I will be creating a new garden spot this year. I realize with my heavy clay soil, I'd need to add manure and other conditioners as well as letting break down all summer and winter for next year. I need to know though, how would you folks go about preparing the ground for breaking up the new bed? Would you cut the grass off real short and spray Roundup? Is it best to let the short grass grow a little bit before spraying for effectiveness? What is the best wat to go about preparing for a new garden??? Thanks for any help. Joel


----------



## dahliaqueen (Nov 9, 2005)

Please never spray Roundup on your property. Contrary to what is printed on the bottle, it does not break down quickly and you will contaminate your soil and your beautiful veggies.

That said, i have prepared beds the easy way-in the fall, cut the grass short, spread manure, lime , gypsum for clay soil conditioning,whatever is necessary, then just separate hay bales into 6" or thicker slices and lay them tight up against each other.
Wet the hay thoroughly after you lay them out- they will degrade nicely and add to the fertility of your plot. When you are ready to plant, pull them off and either use them as mulch(this is always my choice- rip them apart and fluff up a bit) or put around fruit trees or in compost pile.
Your garden will be ready to plant the next spring- you do not need to plow and there will be millions of earthworms.


----------



## Callieslamb (Feb 27, 2007)

off and pile it to the side.
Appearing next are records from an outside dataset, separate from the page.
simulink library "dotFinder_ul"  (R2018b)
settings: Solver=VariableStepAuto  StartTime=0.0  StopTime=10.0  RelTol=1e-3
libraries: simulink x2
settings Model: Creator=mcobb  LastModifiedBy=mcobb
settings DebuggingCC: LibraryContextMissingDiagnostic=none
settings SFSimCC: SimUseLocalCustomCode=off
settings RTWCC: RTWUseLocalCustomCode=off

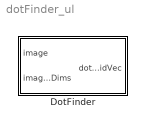
== system dotFinder_ul ==
  DotFinder : Subsystem  mask{ROIPositionHoldEnable=on, ROIPositionHoldCoordinates=1*[500 500], ROIDimVec_px=[40 100], ImageDimensions=[1000 2000]}
      mask prompts: ROIPositionHoldEnable "Hold Position Enable"; ROIPositionHoldCoordinates "Hold Position Coordinates  [rows cols]  (pixels)"; ROIDimVec_px "Dimensions [rows cols]  (pixels)"; ImageDimensions "Image Dimensions [rows cols] in pixels"
      mask DialogControl ParameterGroupVar Prompt: Region Of Interest (ROI) Parameters
      mask DialogControl Container3 Prompt: Other Parameters

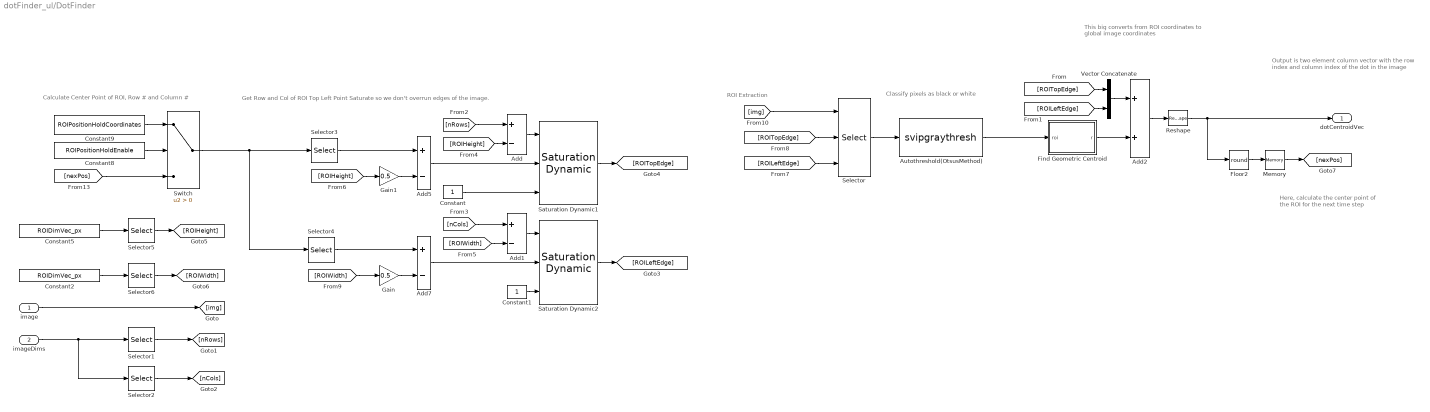
== system dotFinder_ul/DotFinder ==
  note: This big converts from ROI coordinates
      | to global image coordinates
  note: Here, calculate the center point of
      | the ROI for the next time step
  note: Output is two element column vector with the row
      | index and column index of the dot in the image
  note: Classify pixels as black or white
  note: Get Row and Col of ROI Top Left Point
      | Saturate so we don't overrun edges of the image.
  note: Calculate Center Point of ROI, Row # and Column #
  note: ROI Extraction
  image : Inport
  imageDims : Inport  Port=2
  Add{,1,5,7} (4 alike) : Sum  Inputs=+-
  Add2 : Sum
  Autothreshold(OtsusMethod) : S-Function  DialogController=vipDDGCreate  FunctionName=svipgraythresh  Parameters=operator, userDefinedRange, umin, umax, threshOut, effMetricOut, outOfRngOpt, scaleThreshold, scaleFactor, P1Mode, P1WordLength, P1FracLength, A1Mode, A1WordLength, A1FracLength, P2Mode, P2WordLength, P2FracLength, A2Mode, A2WordLength, A2FracLength, P3Mode, P3WordLength, P3FracLength, A3Mode, A3WordLength, A3FracLength, P4Mode, P4WordLength, P4FracLength, A4Mode, A4WordLength, A4FracLength, Q1Mode, Q1WordLength, Q1FracLength, EMMode, EMWordLength, EMFracLength, dtInfo.roundingMode, dtInfo.overflowMode  SFunctionDeploymentMode=off  EnableBusSupport=off  mask(Autothreshold){operator=>, threshOut=off, effMetricOut=off, userDefinedRange=off, umin=0, umax=255, outOfRngOpt=Ignore, scaleThreshold=off, scaleFactor=1, P1Mode=Specify word length, P1WordLength=32, P1FracLength=30, A1Mode=Same as Product 1, A1WordLength=32, A1FracLength=30, P2Mode=Specify word length, P2WordLength=32, P2FracLength=22, A2Mode=Same as Product 2, A2WordLength=32, A2FracLength=22, P3Mode=Specify word length, P3WordLength=32, P3FracLength=14, A3Mode=Same as Product 3, A3WordLength=32, A3FracLength=14, P4Mode=Binary point scaling, P4WordLength=32, P4FracLength=15, A4Mode=Same as Product 4, A4WordLength=16, A4FracLength=4, Q1Mode=Specify word length, Q1WordLength=32, Q1FracLength=16, EMMode=Specify word length, EMWordLength=16, EMFracLength=14, roundingMode=Floor, overflowMode=off, LockScale=off}
      mask prompts: operator "vision:masks:ThresholdingOperator"; threshOut "vision:masks:OutputThreshold"; effMetricOut "vision:masks:OutputEffectivenessMetric"; userDefinedRange "vision:masks:SpecifyDataRange"; umin "vision:masks:MinimumValueOfInput"; umax "vision:masks:MinimumValueOfInput"; outOfRngOpt "vision:masks:WhenDataRangeIsExceeded"; scaleThreshold "vision:masks:ScaleThreshold_MP"; scaleFactor "vision:masks:ThresholdScalingFactor"; P1Mode "P1:"; P1WordLength "P1 WL:"; P1FracLength "P1 FL:"; A1Mode "A1:"; A1WordLength "A1 WL:"; A1FracLength "A1 FL:"; P2Mode "P2:"; P2WordLength "P2 WL:"; P2FracLength "P2 FL:"; A2Mode "A2:"; A2WordLength "A2 WL:"; A2FracLength "A2 FL:"; P3Mode "P3:"; P3WordLength "P3 WL:"; P3FracLength "P3 FL:"; A3Mode "A3:"; A3WordLength "A3 WL:"; A3FracLength "A3 FL:"; P4Mode "P4:"; P4WordLength "P4 WL:"; P4FracLength "P4 FL:"; A4Mode "A4:"; A4WordLength "A4 WL:"; A4FracLength "A4 FL:"; Q1Mode "Q1:"; Q1WordLength "Q1 WL:"; Q1FracLength "Q1 FL:"; EMMode "EM:"; EMWordLength "EM WL:"; EMFracLength "EM FL:"; roundingMode "vision:masks:RoundIntegerCalculationsTowards"; overflowMode "vision:masks:RoundIntegerCalculationsTowards"; LockScale "vision:masks:LockScaling"
      mask help: vision:masks:AutoThresholdDescription
      mask init:
      | blk = gcbh;
      | 
      | dtInfo = dspGetFixptDataTypeInfo(blk,1);
      | 
      | effMetricOut_str = get_param(blk,'effMetricOut');
      | threshOut_str = get_param(blk,'threshOut');
      | if strcmp(effMetricOut_str,'off') && strcmp(threshOut_str,'off')
      | 	[so(1:3).port] = deal(1,1,1);
      | 	[so(1:3).txt] = deal('BW','BW','BW');
      | elseif strcmp(effMetricOut_str,'on') && strcmp(threshOut_str,'off')
      | 	[so(1:3).port] = deal(1,2,2);
      | 	[so(1:3).txt] = deal('BW','EMetric','EMetric');
      | elseif strcmp(effMetricOut_str,'off') && strcmp(threshOut_str,'on')
      | 	[so(1:3).port] = deal(1,2,2);
      | 	[so(1:3).txt] = deal('BW','Th','Th');
      | else
      | 	[so(1:3).port] = deal(1,2,3);
      | 	[so(1:3).txt] = deal('BW','Th','EMetric');
      | end
      mask Help: eval('visionblockhelp');
      mask TypeOptions operator: > | <=
      mask TypeOptions outOfRngOpt: vision:masks:Ignore | vision:masks:Saturate | vision:masks:WarnAndSaturate | vision:masks:Error
      mask TypeOptions P1Mode: Specify word length | Binary point scaling | Slope and bias scaling
      mask TypeOptions A1Mode: Same as Product 1 | Specify word length | Binary point scaling | Slope and bias scaling
      mask TypeOptions P2Mode: Specify word length | Binary point scaling | Slope and bias scaling
      mask TypeOptions A2Mode: Same as Product 2 | Specify word length | Binary point scaling | Slope and bias scaling
      mask TypeOptions P3Mode: Specify word length | Binary point scaling | Slope and bias scaling
      mask TypeOptions A3Mode: Same as Product 3 | Specify word length | Binary point scaling | Slope and bias scaling
      mask TypeOptions P4Mode: Same as input | Binary point scaling | Slope and bias scaling
      mask TypeOptions A4Mode: Same as Product 4 | Binary point scaling | Slope and bias scaling
      mask TypeOptions Q1Mode: Specify word length | Binary point scaling | Slope and bias scaling
      mask TypeOptions EMMode: Specify word length | Binary point scaling | Slope and bias scaling
      mask TypeOptions roundingMode: dspshared:FixptDialog:Ceiling_CB | dspshared:FixptDialog:Convergent_CB | dspshared:FixptDialog:Floor_CB | dspshared:FixptDialog:Nearest_CB | dspshared:FixptDialog:Round_CB | dspshared:FixptDialog:Simplest_CB | dspshared:FixptDialog:Zero_CB
      mask Display:
      | disp('Autothreshold');
      | port_label('input',1,'I');
      | port_label('output',so(1).port, so(1).txt);
      | port_label('output',so(2).port, so(2).txt);
      | port_label('output',so(3).port, so(3).txt);
  Constant : Constant
  Constant1 : Constant
  Constant2 : Constant  Value=ROIDimVec_px
  Constant5 : Constant  Value=ROIDimVec_px
  Constant8 : Constant  Value=ROIPositionHoldEnable
  Constant9 : Constant  Value=ROIPositionHoldCoordinates
  Find Geometric Centroid : MATLAB Function  TreatAsAtomicUnit=on
  Floor2 : Rounding  Operator=round
  Gain : Gain  Gain=0.5
  Gain1 : Gain  Gain=0.5
  Memory : Memory  InitialCondition=ROIPositionHoldCoordinates(:)
  Reshape : Reshape  OutputDimensionality=Column vector (2-D)
  Saturation Dynamic1 : simulink/Discontinuities/Saturation Dynamic  OutMin=[]  OutMax=[]  OutDataTypeStr=Inherit: Same as second input  OutDataType=fixdt(1, 16)  OutScaling=2^-10  DoSatur=off
  Saturation Dynamic2 : simulink/Discontinuities/Saturation Dynamic  OutMin=[]  OutMax=[]  OutDataTypeStr=Inherit: Same as second input  OutDataType=fixdt(1, 16)  OutScaling=2^-10  DoSatur=off
  Selector : Selector  NumberOfDimensions=2  InputPortWidth=3  IndexOptions=Starting index (port),Starting index (port)  Indices=[1 3],1  OutputSizes=ROIDimVec_px(1),ROIDimVec_px(2)
  Selector1 : Selector  InputPortWidth=2  IndexOptions=Index vector (dialog)  Indices=1  OutputSizes=1
  Selector2 : Selector  InputPortWidth=2  IndexOptions=Index vector (dialog)  Indices=2  OutputSizes=1
  Selector3 : Selector  InputPortWidth=2  IndexOptions=Index vector (dialog)  Indices=1  OutputSizes=1
  Selector4 : Selector  InputPortWidth=2  IndexOptions=Index vector (dialog)  Indices=2  OutputSizes=1
  Selector5 : Selector  InputPortWidth=2  IndexOptions=Index vector (dialog)  Indices=1  OutputSizes=1
  Selector6 : Selector  InputPortWidth=2  IndexOptions=Index vector (dialog)  Indices=2  OutputSizes=1
  Switch : Switch  Criteria=u2 > Threshold
  Vector Concatenate : Concatenate
  dotCentroidVec : Outport  PortDimensions=[2 1]
  wires:
  Add2/1 -> Reshape/1
  Find Geometric Centroid/1(r) -> Add2/2
  Vector Concatenate/1 -> Add2/1
  [ROITopEdge] -> Vector Concatenate/1
  [ROILeftEdge] -> Vector Concatenate/2
  Switch/1 -> Selector4/1, Selector3/1
  Gain1/1 -> Add5/2
  Gain/1 -> Add7/2
  [img] -> Selector/1
  Selector3/1 -> Add5/1
  Selector4/1 -> Add7/1
  Add5/1 -> Saturation Dynamic1/2
  [ROILeftEdge] -> Selector/3
  [ROITopEdge] -> Selector/2
  Selector/1 -> Autothreshold(OtsusMethod)/1
  image/1 -> [img]
  Selector1/1 -> [nRows]
  Selector2/1 -> [nCols]
  Selector6/1 -> [ROIWidth]
  Selector5/1 -> [ROIHeight]
  Constant5/1 -> Selector5/1
  Saturation Dynamic1/1 -> [ROITopEdge]
  Constant/1 -> Saturation Dynamic1/3
  Constant1/1 -> Saturation Dynamic2/3
  Add7/1 -> Saturation Dynamic2/2
  Saturation Dynamic2/1 -> [ROILeftEdge]
  Add/1 -> Saturation Dynamic1/1
  [ROIHeight] -> Add/2
  [nRows] -> Add/1
  Add1/1 -> Saturation Dynamic2/1
  [nCols] -> Add1/1
  [ROIWidth] -> Add1/2
  [ROIHeight] -> Gain1/1
  [ROIWidth] -> Gain/1
  Autothreshold(OtsusMethod)/1 -> Find Geometric Centroid/1(roi)
  Constant2/1 -> Selector6/1
  Memory/1 -> [nexPos]
  Constant8/1 -> Switch/2
  Constant9/1 -> Switch/1
  [nexPos] -> Switch/3
  Floor2/1 -> Memory/1
  imageDims/1 -> Selector2/1, Selector1/1
  Reshape/1 -> Floor2/1, dotCentroidVec/1

== matlab function dotFinder_ul/DotFinder/Find Geometric Centroid ==
  data: roi input; r output size=[2 1]
function r = fcn(roi)
% Function to calculate row and column index of the geometric centroid of
% the ROI.

% Total number of white pixels
N = sum(sum(roi));

% r = [rowIndex colIndex]^T
r = [([1:size(roi,1)]*sum(roi,2))/N;...
     ([1:size(roi,2)]*sum(roi,1)')/N];

If you have a tractor, you can blade it off. It kind of depends on what is growing there now and how large of an area. I have to deal with bermuda grass and YES, I use round up!!!! It doesn't always kill all vegetation totally so I recommend scraping or using a sod cutter. Then using round up on what else grows up. I cover the scraped soil and let it compost down, then add it to the garden later. I have horribly clay soil. But no rocks, I remind myself. This year, I just used my shovel to take off 300 sq ft of sod. I don't recommend that. At all!


----------



## Paquebot (May 10, 2002)

Time frame would be too short to use Roundup. Although it would be virtually gone within a month if used on pure grass, there could be enough residual in some of the thicker roots of perennial weeds to affect tender seedlings. The best time to have used something like that would have been August or September to give it time to become totally harmless.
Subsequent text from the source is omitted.